The Elo Rating is an "objective quantitative measure" of each team's strength, adapted by the world of soccer from a system developed by American physicist Arpad Elo to rank chess players. It looks at each team's game results in pre-tournament play, layering in other elements such as the margin of victory, the importance of the game (e.g. World Cup qualifier vs. exhibition match), the location of the game and the ranking of the opponent.

The model suggests that host nation South Africa has the highest probability of all teams to advance to the Round of 16 - reflecting the fact that despite the team's low world ranking, a host nation has never failed to make the Round of 16.

As for the overall Cup winner, the model leans toward Brazil - yet even as the favourite, its chances are less than 1-in-4.



Sometimes it works, sometimes …

UBS's soccer quant model has been tested twice before: in World Cup 2006, and in the 2008 European Championship.

In 2006, the model gained fame for correctly identifying 81 per cent of the final 16 teams, 75 per cent of the final eight, and half of the final four.

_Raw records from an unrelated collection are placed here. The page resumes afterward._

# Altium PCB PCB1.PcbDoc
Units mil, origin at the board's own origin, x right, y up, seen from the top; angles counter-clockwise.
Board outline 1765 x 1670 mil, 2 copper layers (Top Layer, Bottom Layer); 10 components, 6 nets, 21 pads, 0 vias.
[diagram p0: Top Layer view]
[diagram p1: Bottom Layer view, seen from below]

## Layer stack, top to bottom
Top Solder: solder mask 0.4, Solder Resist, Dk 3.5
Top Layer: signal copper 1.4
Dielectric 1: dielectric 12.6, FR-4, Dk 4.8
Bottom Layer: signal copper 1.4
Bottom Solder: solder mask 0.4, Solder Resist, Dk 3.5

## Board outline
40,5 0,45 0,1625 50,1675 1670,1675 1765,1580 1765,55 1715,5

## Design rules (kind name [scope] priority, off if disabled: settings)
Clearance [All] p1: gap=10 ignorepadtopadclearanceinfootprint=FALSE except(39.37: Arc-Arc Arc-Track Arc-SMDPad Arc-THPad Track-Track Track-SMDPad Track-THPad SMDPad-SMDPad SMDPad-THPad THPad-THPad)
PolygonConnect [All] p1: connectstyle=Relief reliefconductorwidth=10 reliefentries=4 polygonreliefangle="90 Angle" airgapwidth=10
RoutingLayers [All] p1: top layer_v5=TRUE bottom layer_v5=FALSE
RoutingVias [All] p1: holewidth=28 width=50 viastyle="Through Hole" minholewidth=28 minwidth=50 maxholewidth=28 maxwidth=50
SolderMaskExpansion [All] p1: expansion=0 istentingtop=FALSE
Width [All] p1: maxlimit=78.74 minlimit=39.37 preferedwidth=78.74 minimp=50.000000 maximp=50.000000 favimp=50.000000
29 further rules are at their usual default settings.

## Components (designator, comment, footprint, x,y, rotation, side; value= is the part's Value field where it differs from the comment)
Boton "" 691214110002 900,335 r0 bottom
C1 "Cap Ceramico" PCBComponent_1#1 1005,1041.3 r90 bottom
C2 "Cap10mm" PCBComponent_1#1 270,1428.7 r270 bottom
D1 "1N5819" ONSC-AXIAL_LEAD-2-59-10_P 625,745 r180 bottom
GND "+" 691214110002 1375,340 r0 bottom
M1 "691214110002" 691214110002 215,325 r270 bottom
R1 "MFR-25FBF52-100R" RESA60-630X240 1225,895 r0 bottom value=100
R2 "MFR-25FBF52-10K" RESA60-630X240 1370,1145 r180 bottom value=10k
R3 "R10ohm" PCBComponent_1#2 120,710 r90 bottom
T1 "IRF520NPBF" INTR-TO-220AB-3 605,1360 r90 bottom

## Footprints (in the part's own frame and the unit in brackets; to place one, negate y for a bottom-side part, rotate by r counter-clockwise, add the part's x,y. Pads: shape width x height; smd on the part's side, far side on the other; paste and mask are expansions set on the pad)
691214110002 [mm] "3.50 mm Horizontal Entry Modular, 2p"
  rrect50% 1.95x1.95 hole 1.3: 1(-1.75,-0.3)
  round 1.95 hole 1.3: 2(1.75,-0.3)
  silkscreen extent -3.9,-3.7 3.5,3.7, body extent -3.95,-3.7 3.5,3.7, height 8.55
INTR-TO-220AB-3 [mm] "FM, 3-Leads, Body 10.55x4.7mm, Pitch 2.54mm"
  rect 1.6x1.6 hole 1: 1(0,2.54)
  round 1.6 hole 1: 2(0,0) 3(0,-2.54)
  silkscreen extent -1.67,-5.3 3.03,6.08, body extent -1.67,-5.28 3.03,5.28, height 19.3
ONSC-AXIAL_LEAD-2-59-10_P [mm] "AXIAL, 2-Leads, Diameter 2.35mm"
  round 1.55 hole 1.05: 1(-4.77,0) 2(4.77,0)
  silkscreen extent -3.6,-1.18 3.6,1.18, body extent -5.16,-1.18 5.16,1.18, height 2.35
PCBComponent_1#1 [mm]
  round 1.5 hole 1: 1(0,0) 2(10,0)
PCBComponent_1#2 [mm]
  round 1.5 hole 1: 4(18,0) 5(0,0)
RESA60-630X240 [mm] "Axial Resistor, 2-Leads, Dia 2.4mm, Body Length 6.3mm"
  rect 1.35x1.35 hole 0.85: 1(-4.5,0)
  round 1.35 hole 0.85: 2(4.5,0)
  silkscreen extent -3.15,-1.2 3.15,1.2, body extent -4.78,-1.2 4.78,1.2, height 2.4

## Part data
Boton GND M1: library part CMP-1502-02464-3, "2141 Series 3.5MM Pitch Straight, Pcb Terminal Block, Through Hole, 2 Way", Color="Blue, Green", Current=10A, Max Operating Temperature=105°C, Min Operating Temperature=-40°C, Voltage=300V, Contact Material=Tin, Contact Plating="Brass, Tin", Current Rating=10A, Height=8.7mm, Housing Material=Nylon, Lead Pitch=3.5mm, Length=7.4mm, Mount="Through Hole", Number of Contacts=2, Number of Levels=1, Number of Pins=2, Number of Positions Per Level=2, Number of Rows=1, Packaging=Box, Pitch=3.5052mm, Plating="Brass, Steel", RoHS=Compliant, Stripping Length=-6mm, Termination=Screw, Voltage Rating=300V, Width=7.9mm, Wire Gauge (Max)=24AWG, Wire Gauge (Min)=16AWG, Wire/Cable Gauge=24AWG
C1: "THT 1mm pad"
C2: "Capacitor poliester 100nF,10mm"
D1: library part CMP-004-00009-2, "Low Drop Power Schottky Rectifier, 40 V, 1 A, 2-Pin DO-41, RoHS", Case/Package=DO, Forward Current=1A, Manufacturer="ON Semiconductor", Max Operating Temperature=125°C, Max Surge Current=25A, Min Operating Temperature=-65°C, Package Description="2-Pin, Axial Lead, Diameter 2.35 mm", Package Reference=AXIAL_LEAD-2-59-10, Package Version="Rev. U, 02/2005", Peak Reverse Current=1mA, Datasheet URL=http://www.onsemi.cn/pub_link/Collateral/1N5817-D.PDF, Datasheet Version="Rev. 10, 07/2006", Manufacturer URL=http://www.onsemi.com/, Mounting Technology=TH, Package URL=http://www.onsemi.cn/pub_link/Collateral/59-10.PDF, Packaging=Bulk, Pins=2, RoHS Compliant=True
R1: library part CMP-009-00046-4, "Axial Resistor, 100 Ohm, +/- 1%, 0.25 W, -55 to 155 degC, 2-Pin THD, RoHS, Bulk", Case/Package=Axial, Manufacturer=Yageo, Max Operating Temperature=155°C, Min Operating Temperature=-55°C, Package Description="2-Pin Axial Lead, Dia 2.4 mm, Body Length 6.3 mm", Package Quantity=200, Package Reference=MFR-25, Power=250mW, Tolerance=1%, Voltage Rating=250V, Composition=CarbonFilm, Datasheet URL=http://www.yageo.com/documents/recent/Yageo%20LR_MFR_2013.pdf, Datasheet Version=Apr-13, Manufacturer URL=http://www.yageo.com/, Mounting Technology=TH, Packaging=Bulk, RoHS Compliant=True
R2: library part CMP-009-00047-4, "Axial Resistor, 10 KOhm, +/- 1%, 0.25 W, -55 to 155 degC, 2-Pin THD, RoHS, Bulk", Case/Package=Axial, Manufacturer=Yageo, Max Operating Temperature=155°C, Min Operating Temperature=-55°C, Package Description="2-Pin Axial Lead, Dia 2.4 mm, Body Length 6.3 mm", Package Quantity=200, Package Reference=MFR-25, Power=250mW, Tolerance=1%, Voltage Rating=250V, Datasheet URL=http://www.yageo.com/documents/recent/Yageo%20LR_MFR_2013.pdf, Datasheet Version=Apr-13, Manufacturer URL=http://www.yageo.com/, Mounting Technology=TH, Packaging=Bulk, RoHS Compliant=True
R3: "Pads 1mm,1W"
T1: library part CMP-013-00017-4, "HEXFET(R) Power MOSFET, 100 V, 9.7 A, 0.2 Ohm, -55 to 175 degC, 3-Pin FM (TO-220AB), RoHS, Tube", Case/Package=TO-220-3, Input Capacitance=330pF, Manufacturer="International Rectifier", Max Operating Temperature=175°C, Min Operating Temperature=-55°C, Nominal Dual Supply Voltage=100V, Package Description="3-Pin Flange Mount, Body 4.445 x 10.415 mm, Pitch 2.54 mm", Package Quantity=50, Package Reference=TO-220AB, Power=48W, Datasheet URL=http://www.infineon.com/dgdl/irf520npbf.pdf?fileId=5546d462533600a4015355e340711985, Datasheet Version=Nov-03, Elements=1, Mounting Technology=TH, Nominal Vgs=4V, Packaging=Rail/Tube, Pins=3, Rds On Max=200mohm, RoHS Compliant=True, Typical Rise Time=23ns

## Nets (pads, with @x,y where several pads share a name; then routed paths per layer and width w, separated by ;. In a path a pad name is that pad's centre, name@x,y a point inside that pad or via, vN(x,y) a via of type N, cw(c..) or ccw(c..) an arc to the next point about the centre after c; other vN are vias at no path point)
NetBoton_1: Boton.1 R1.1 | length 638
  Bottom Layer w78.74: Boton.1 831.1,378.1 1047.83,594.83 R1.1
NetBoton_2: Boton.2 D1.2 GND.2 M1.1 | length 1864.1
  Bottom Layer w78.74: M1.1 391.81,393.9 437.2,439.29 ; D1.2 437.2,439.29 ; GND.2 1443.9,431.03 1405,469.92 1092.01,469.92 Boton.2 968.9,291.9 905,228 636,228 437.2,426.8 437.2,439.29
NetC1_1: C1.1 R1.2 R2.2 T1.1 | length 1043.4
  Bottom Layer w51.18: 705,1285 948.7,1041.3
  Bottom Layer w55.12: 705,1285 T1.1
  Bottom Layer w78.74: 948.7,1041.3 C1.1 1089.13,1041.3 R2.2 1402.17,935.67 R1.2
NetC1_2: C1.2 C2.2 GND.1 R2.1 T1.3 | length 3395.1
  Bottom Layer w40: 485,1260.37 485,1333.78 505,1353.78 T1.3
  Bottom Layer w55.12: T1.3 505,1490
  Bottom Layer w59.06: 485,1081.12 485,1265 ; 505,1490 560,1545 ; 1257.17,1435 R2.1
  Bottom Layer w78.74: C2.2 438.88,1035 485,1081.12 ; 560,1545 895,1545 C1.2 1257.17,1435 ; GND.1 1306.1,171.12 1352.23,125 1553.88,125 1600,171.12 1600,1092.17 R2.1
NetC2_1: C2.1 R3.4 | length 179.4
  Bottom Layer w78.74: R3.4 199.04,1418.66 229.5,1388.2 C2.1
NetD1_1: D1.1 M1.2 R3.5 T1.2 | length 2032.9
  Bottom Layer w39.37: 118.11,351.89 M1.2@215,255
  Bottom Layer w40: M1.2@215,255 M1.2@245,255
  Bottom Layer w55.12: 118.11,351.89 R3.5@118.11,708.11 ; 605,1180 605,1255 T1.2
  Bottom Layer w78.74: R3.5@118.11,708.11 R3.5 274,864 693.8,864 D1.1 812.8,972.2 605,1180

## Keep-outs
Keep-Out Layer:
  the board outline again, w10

But it flopped in Euro 2008 - correctly predicting only 63 per cent of the final 16, and none of the final four.

"The moral of this story is that one needs to be humble about the predictive power of one's models," wrote UBS chief economist Andreas Hoefert. "Successful forecasting can often depend as much on luck as skill, which is a lesson that is too often forgotten when it comes to quantifying the future."